• **Aim of the task**
I need every line of the material below that includes the string "edge".

• **Material supplied**
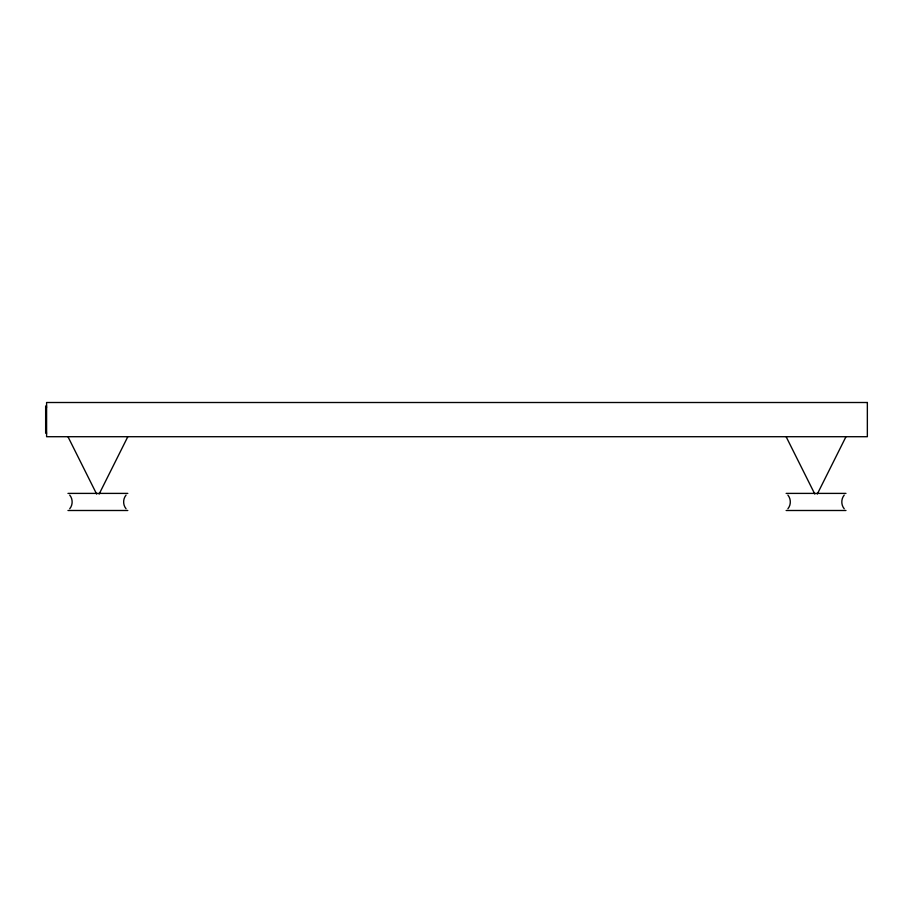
<?xml version="1.0" encoding="UTF-8"?>
<svg xmlns="http://www.w3.org/2000/svg" width="913" height="913" viewBox="0 0 913 913"><rect width="100%" height="100%" fill="white"/><g stroke="black" fill="none" stroke-linecap="round" stroke-linejoin="round"><path stroke-width="1.37" d="M99.14 494.059L127.82 436.711M817.295 494.059L845.974 436.711M126.051 495.108C122.833 498.932 122.833 504.957 126.051 508.769M844.217 495.108C840.999 498.932 840.999 504.957 844.217 508.769M69.73 508.769C72.949 504.957 72.949 498.932 69.73 495.108M787.896 508.769C791.115 504.957 791.115 498.932 787.896 495.108M46.597 406.057L45.65 406.057L45.65 433.161L46.597 433.161M45.65 407.004L46.437 407.004M45.65 407.312L46.597 407.312M45.65 431.895L46.437 431.895M45.65 432.214L46.437 432.214M67.973 493.397L127.809 493.397M786.127 493.397L845.963 493.397M67.973 510.493L127.809 510.493M786.127 510.493L845.963 510.493M786.127 436.711L814.807 494.059M67.973 436.711L96.641 494.059M45.97 407.015L45.97 432.203M867.35 402.507L46.597 402.507L46.597 436.711L867.35 436.711L867.35 402.507"/></g></svg>
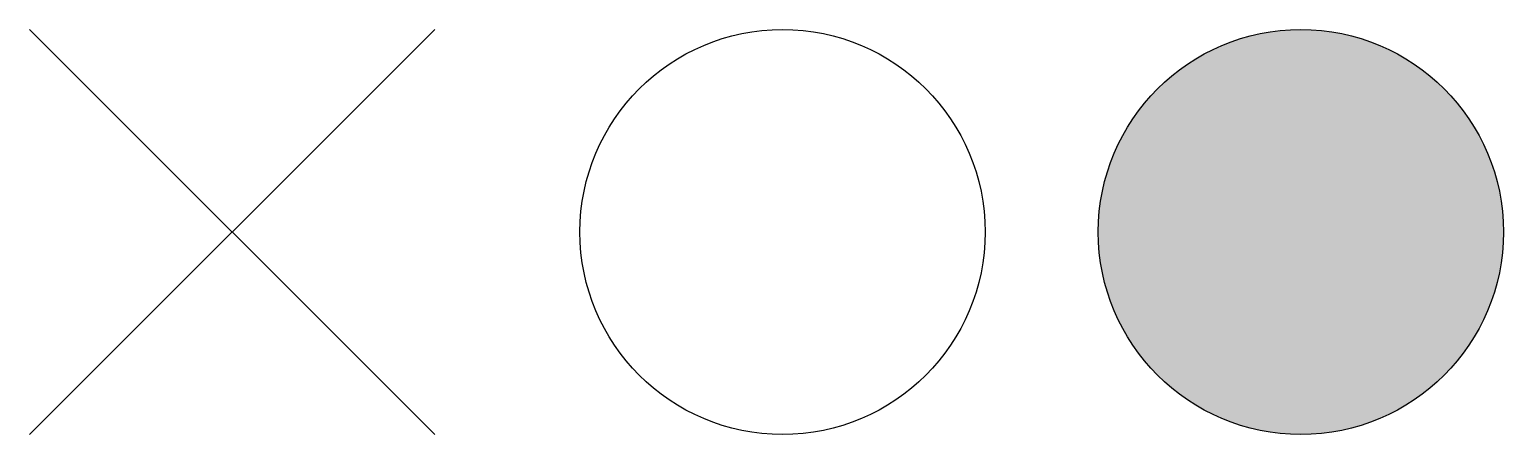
# Model space of a CAD drawing. Header units: inches. Extents: x -0.5 to 3.14, y -0.5 to 0.5.
import ezdxf

# ---------------------------------------------------------------- set-up
doc = ezdxf.new("R2010")
doc.units = ezdxf.units.IN
doc.header["$MEASUREMENT"] = 0

# ---------------------------------------------------------------- blocks, each defined once
blk = doc.blocks.new('AecDtl_WiremeshX')
at = {"color": 0, "linetype": 'ByBlock', "lineweight": -2}
for p, q in [((-0.5, 0.5), (0.5, -0.5)), ((0.5, 0.5), (-0.5, -0.5))]:
    blk.add_line(p, q, dxfattribs=at)
blk = doc.blocks.new('AecDtl_WiremeshDot')
at = {"color": 0, "linetype": 'ByBlock', "lineweight": -2}
blk.add_circle((0, 0), 0.5, dxfattribs=at)
blk = doc.blocks.new('AecDtl_WiremeshDotFilled')
at = {"linetype": 'ByBlock', "lineweight": -2}
h = blk.add_hatch(color=0, dxfattribs=at)
edge = h.paths.add_edge_path()
edge.add_arc((0, 0), 0.5, 0, 360)
at = {"color": 0, "linetype": 'ByBlock', "lineweight": -2}
blk.add_circle((0, 0), 0.5, dxfattribs=at)

msp = doc.modelspace()

# ---------------------------------------------------------------- block references
for name, p in [('AecDtl_WiremeshX', (0, 0)), ('AecDtl_WiremeshDot', (1.3584, 0)), ('AecDtl_WiremeshDotFilled', (2.6375, 0))]:
    msp.add_blockref(name, p)

doc.saveas('drawing.dxf')

• **Solution to the problem**
edge = h.paths.add_edge_path()
edge.add_arc((0, 0), 0.5, 0, 360)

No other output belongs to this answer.